Anyscale also supports configuring cloud resources using AKS in the AWS control plane. See _.

Step 0: Configure Azure subscription for Anyscale

Before you can use the Anyscale resource provider, an Azure subscription owner must configure a trust relationship with the Anyscale control plane application and register Azure resource providers.

Step 0a: Create an Azure service principal for Anyscale authentication

Anyscale uses Entra ID to sign tokens to validate the connection between your AKS deployment and the Anyscale control plane. Run the following command to create a trust relationship between your Azure subscription and the Anyscale application using an Azure service principal:

note

You need permission to create service principals for applications from other Entra tenants to do this. Many organizations restrict this role to the Azure subscription owner.

az ad sp create --id 086bc555-6989-4362-ba30-fded273e432b

See Application and service principal objects in Microsoft Entra ID.

Step 0b: Register Azure resource providers

Depending on how you choose to deploy and manage your Azure infrastructure, you might need to register Azure resource providers. Anyscale introduces the resource provider Anyscale.Platform, but all other resource providers might already be in use for your subscription if you're actively using AKS, Entra ID, and other Azure products.

You can see currently registered resource providers with the following query:

az provider list --query "[?registrationState=='Registered']" --output table

If you're using Terraform to manage your Azure infrastructure, run the following command to ensure all required resource providers are registered:

for provider in \
Microsoft.Storage \
Microsoft.ManagedIdentity \
Microsoft.Authorization\
Microsoft.Resources \
Microsoft.Network \
Microsoft.ContainerService\;
do
az provider register --namespace "$provider"
done
note

You can choose to configure underlying Azure infrastructure using the Azure CLI, Azure portal, or other tools. These tools also require permissions to use these resource providers.

Step 1: Use the Anyscale Terraform module

Anyscale provides a Terraform module to complete a basic installation of AKS and other Azure resources needed to get started working with Anyscale. Anyscale recommends using this module to deploy your first Anyscale cloud resource on AKS.

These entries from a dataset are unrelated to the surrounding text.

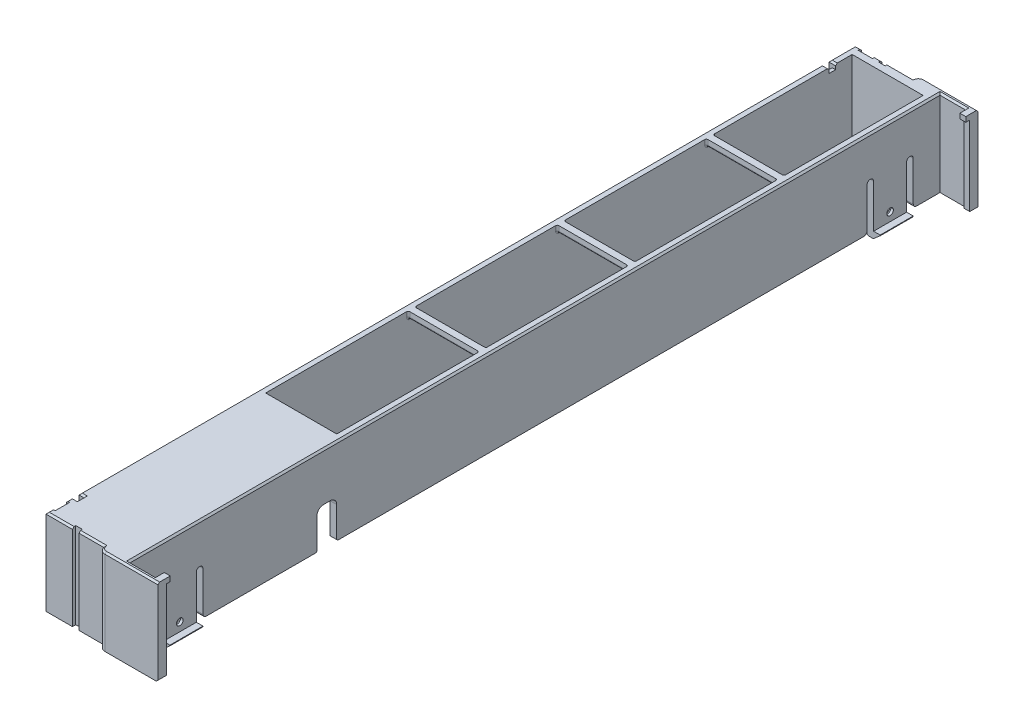
SolidWorks part; units mm, degrees
material "ABS"
ref_plane "Front Plane" through (0, 0, 0) normal (0, 0, 1) x (1, 0, 0)
ref_plane "Top Plane" through (0, 0, 0) normal (0, 1, 0) x (1, 0, 0)
ref_plane "Right Plane" through (0, 0, 0) normal (1, 0, 0) x (0, 0, -1)
sketch "Sketch1" plane through (0, 0, 0) normal (0, 1, 0) x (1, 0, 0)
  line L1 (12.75, -122.5) -> (-12.75, -122.5)
  line L2 (12.75, -122.5) -> (12.75, 122.5)
  line L3 (12.75, 122.5) -> (-12.75, 122.5)
  line L4 (-12.75, -122.5) -> (-12.75, 122.5)
  line L5 (12.75, -122.5) -> (-12.75, 122.5) construction
  line L6 (12.75, 122.5) -> (-12.75, -122.5) construction
  line L7 (10.75, -120.5) -> (-10.75, -120.5)
  line L8 (10.75, -120.5) -> (10.75, 120.5)
  line L9 (10.75, 120.5) -> (-10.75, 120.5)
  line L10 (-10.75, -120.5) -> (-10.75, 120.5)
  line L11 (10.75, -120.5) -> (-10.75, 120.5) construction
  line L12 (10.75, 120.5) -> (-10.75, -120.5) construction
  point P0 (0, 0)
  point P6 (0, 0)
  dimension "D1" = 245
  dimension "D2" = 25.5
  dimension "D3" = 2
  dimension "D4" = 2
extrude "Boss-Extrude1" add sketch "Sketch1" along normal blind 26
ref_plane "Plane1" through (0, 0, 0) normal (0, 0, 1) x (1, 0, 0)
ref_plane "Plane2" through (0, 0, 0) normal (-1, 0, 0) x (0, 0, 1)
sketch "Sketch5" plane through (0, 0, 122.5) normal (0, 0, 1) x (1, 0, 0)
  line L0 (-11.75, 26) -> (-11.75, 0) construction
  line L1 (-12.75, 25) -> (-11.75, 26)
  line L4 (-11.75, 26) -> (-13.75, 26)
  line L5 (-12.75, 25) -> (-11.75, 24)
  line L6 (-11.75, 24) -> (-12.75, 23)
  line L7 (-12.75, 23) -> (-11.75, 22)
  line L8 (-11.75, 22) -> (-12.75, 21)
  line L9 (-12.75, 21) -> (-11.75, 20)
  line L10 (-11.75, 20) -> (-12.75, 19)
  line L11 (-12.75, 19) -> (-11.75, 18)
  line L12 (-11.75, 18) -> (-12.75, 17)
  line L13 (-12.75, 17) -> (-11.75, 16)
  line L14 (-11.75, 16) -> (-12.75, 15)
  line L15 (-12.75, 15) -> (-11.75, 14)
  line L16 (-11.75, 14) -> (-12.75, 13)
  line L17 (-12.75, 13) -> (-11.75, 12)
  line L18 (-11.75, 12) -> (-12.75, 11)
  line L19 (-12.75, 11) -> (-11.75, 10)
  line L20 (-11.75, 10) -> (-12.75, 9)
  line L21 (-12.75, 9) -> (-11.75, 8)
  line L22 (-11.75, 8) -> (-12.75, 7)
  line L23 (-12.75, 7) -> (-11.75, 6)
  line L24 (-13.75, 0) -> (-13.75, 26)
  line L26 (-11.75, 6) -> (-12.75, 5)
  line L27 (-12.75, 5) -> (-11.75, 4)
  line L28 (-11.75, 4) -> (-12.75, 3)
  line L29 (-12.75, 3) -> (-11.75, 2)
  line L30 (-12.75, 25) -> (-12.75, 0) construction
  line L31 (-11.75, 2) -> (-12.75, 1)
  line L32 (-12.75, 1) -> (-11.75, 0)
  line L33 (-11.75, 0) -> (-13.75, 0)
  dimension "D1" = 45
  dimension "D2" = 1
  dimension "D3" = 1
  dimension "D4" = 2
  dimension "D5" = 26
extrude "Cut-Extrude4" cut sketch "Sketch5" against normal blind 4.4 from offset 1.8 offset against normal yes
sketch "Sketch8" plane through (-12.75, 0, 0) normal (-1, 0, 0) x (0, 0, 1)
  line L0 (-121.5, 26) -> (-121.5, 0) construction
  line L1 (-122.5, 25) -> (-121.5, 26)
  line L2 (-121.5, 26) -> (-123.5, 26)
  line L3 (-122.5, 25) -> (-121.5, 24)
  line L4 (-121.5, 24) -> (-122.5, 23)
  line L5 (-122.5, 23) -> (-121.5, 22)
  line L6 (-121.5, 22) -> (-122.5, 21)
  line L7 (-122.5, 21) -> (-121.5, 20)
  line L8 (-121.5, 20) -> (-122.5, 19)
  line L9 (-122.5, 19) -> (-121.5, 18)
  line L10 (-121.5, 18) -> (-122.5, 17)
  line L11 (-122.5, 17) -> (-121.5, 16)
  line L12 (-121.5, 16) -> (-122.5, 15)
  line L13 (-122.5, 15) -> (-121.5, 14)
  line L14 (-121.5, 14) -> (-122.5, 13)
  line L15 (-122.5, 13) -> (-121.5, 12)
  line L16 (-121.5, 12) -> (-122.5, 11)
  line L17 (-122.5, 11) -> (-121.5, 10)
  line L18 (-121.5, 10) -> (-122.5, 9)
  line L19 (-122.5, 9) -> (-121.5, 8)
  line L20 (-121.5, 8) -> (-122.5, 7)
  line L21 (-122.5, 7) -> (-121.5, 6)
  line L22 (-123.5, 0) -> (-123.5, 26)
  line L23 (-121.5, 6) -> (-122.5, 5)
  line L24 (-122.5, 5) -> (-121.5, 4)
  line L25 (-121.5, 4) -> (-122.5, 3)
  line L26 (-122.5, 3) -> (-121.5, 2)
  line L27 (-122.5, 25) -> (-122.5, 0) construction
  line L28 (-121.5, 2) -> (-122.5, 1)
  line L32 (-122.5, 1) -> (-121.5, 0)
  line L33 (-121.5, 0) -> (-123.5, 0)
  dimension "D1" = 45
  dimension "D2" = 1
  dimension "D3" = 1
  dimension "D4" = 2
  dimension "D5" = 26
extrude "Cut-Extrude5" cut sketch "Sketch8" against normal blind 4.4 from offset 1.8 offset against normal yes
sketch "Sketch10" plane through (0, 26, 0) normal (0, 1, 0) x (1, 0, 0)
  line L0 (12.75, 122.5) -> (-6.55, 122.5) construction
  line L1 (4.75, 122.5) -> (12.75, 122.5)
  line L2 (4.75, 122.5) -> (4.75, 124.1)
  line L3 (4.75, 124.1) -> (22.75, 124.1)
  line L4 (12.75, 122.5) -> (12.75, 122.6)
  line L6 (20.95, -122.6) -> (20.95, -121.6)
  line L7 (22.75, -121.6) -> (20.95, -121.6)
  line L8 (22.75, -124.1) -> (22.75, -121.6)
  line L9 (12.75, -122.6) -> (20.95, -122.6)
  line L10 (12.75, -122.5) -> (12.75, 122.5) construction
  line L11 (12.75, 0) -> (-12.75, 0) construction
  line L12 (12.75, -122.5) -> (12.75, -122.6)
  line L13 (4.75, -124.1) -> (22.75, -124.1)
  line L14 (12.75, 122.6) -> (20.95, 122.6)
  line L15 (4.75, -122.5) -> (4.75, -124.1)
  line L16 (4.75, -122.5) -> (12.75, -122.5)
  line L17 (22.75, 124.1) -> (22.75, 121.6)
  line L18 (22.75, 121.6) -> (20.95, 121.6)
  line L19 (20.95, 122.6) -> (20.95, 121.6)
  line L20 (-12.75, 122.5) -> (-12.75, -116.3) construction
  dimension "D1" = 248.2
  dimension "D2" = 8
  dimension "D3" = 245.2
  dimension "D4" = 8.2
  dimension "D5" = 1.8
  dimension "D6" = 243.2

Step 1a: Authenticate the Azure CLI

The Anyscale Terraform module uses your Entra ID privileges to deploy and configure resources in your Azure account. You need elevated privileges on the target Azure subscription to complete this step. Anyscale recommends one of the following roles on the target Azure subscription:

  • Owner
  • Azure account administrator
  • Azure co-administrator

Azure resources created include the following:

  • A resource group
  • An AKS cluster
  • A user-assigned managed identity
  • A storage account and blob storage container

As an admin user with the Azure CLI installed, run the following command from your local machine:

az login
note

Contact Anyscale support if you need a full list of required privileges and resources created by the Terraform module.

Step 1b: Clone the Terraform module

Create a directory on your local machine to contain all configuration assets related to your Anyscale cloud, such as Helm chart values.yaml files and the Terraform module. Use your local terminal to navigate to that directory and run the following command to clone the Anyscale Terraform module:

git clone https://github.com/anyscale/terraform-kubernetes-anyscale-foundation-modules
cd terraform-kubernetes-anyscale-foundation-modules/examples/azure/aks-new_cluster/

Step 1c: Populate the Terraform variable file

In this step, you specify the desired name for AKS cluster, as well as your Azure subscription ID and the Azure region where you want to deploy your resources.

note

Provide the programmatic name for your desired region. See the Azure regions list.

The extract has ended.